What SQL is this query or operation generating?

Set the Log property of your DataContext object to Console.Out.

What objects are generated and how do I extend them?

MyDataContext : DataContext

Represents a users view of the database and is generated by designer/SQLMetal exposing a property for each table being mapped.

Can be extended by writing your own partial class or sub classing.

MyEntity / T

Represents an entity for each row in the associated table and is generated by designer/SQLMetal exposing a property for each field being mapped which is also decorated with attributes that specify the underlying field name and type.

Can be extended by writing your own partial class, sub classing or providing a super-class.

No classes are generated for the tables themselves, instead the generic class Table<T> uses the attribute information from the entity objects (cached via various metadata classes such as MetaTable).

What patterns does LINQ to SQL use?

Fortunately, ActiveRecord is ignored and a more flexible approach is used. It basically provides one class for the database and one for each type of entity (because of inheritance, there could be more than one type of entity per table).

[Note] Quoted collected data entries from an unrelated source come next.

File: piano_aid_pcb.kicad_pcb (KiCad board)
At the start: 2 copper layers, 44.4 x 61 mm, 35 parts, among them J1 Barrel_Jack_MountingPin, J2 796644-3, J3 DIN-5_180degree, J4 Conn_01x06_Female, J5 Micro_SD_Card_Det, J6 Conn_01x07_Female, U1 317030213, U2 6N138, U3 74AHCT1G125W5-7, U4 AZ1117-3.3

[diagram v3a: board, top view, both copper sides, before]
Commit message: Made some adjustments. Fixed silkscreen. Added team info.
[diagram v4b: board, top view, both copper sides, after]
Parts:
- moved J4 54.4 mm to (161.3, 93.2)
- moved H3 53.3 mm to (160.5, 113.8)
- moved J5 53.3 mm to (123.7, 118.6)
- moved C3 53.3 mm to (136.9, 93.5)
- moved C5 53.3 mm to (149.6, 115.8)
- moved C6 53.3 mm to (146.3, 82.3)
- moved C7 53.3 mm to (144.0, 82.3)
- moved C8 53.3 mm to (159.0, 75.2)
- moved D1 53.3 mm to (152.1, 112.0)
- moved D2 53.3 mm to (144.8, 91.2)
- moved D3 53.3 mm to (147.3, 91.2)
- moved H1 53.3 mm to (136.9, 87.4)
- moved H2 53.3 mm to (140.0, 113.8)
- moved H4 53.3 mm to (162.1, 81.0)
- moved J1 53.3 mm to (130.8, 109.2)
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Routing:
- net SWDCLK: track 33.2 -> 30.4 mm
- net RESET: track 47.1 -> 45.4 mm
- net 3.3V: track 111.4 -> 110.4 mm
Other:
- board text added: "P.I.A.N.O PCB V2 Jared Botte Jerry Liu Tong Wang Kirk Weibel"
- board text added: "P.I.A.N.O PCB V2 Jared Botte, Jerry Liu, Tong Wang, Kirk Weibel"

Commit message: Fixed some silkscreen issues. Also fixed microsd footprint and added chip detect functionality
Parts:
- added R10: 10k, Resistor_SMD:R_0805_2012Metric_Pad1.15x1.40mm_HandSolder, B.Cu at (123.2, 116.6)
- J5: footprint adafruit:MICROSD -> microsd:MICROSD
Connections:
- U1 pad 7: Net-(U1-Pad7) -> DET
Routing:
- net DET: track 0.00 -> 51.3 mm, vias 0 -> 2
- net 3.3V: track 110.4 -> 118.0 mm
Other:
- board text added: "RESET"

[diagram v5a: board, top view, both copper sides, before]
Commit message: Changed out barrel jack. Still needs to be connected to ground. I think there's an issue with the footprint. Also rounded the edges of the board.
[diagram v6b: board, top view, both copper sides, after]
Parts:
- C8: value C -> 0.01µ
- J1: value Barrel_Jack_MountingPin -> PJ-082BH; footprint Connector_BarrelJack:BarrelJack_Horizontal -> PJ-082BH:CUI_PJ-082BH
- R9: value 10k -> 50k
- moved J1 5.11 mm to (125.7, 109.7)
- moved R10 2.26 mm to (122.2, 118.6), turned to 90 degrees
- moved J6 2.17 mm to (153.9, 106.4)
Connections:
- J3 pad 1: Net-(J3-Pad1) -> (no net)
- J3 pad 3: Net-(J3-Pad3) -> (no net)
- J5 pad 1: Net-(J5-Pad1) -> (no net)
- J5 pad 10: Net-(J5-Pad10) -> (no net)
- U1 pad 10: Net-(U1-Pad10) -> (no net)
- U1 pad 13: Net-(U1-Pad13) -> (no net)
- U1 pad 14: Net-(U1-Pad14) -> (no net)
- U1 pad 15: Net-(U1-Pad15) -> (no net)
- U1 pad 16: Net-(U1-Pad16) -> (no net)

I’ve yet to delve deep enough into the classes and patterns to find good matches but a brief look reveals the following possibilities:

Registry: System.Data.Linq.DataContext
Unit of Work: System.Data.Linq.DataContext
Identity Map: System.Data.Linq.IdentityManager
Table Data Gateway: System.Data.Linq.Table<T>
Query Object: System.Data.Linq.DataQuery<T>
Metadata Mapping: System.Data.Linq.Provider.Meta*, System.Data.Linq.*Attribute, System.Data.Linq.Mapping.*

How do I persist changes?

Call the SubmitChanges method on your DataContext object.

What causes the error “Row not found or changed” when submitting changes?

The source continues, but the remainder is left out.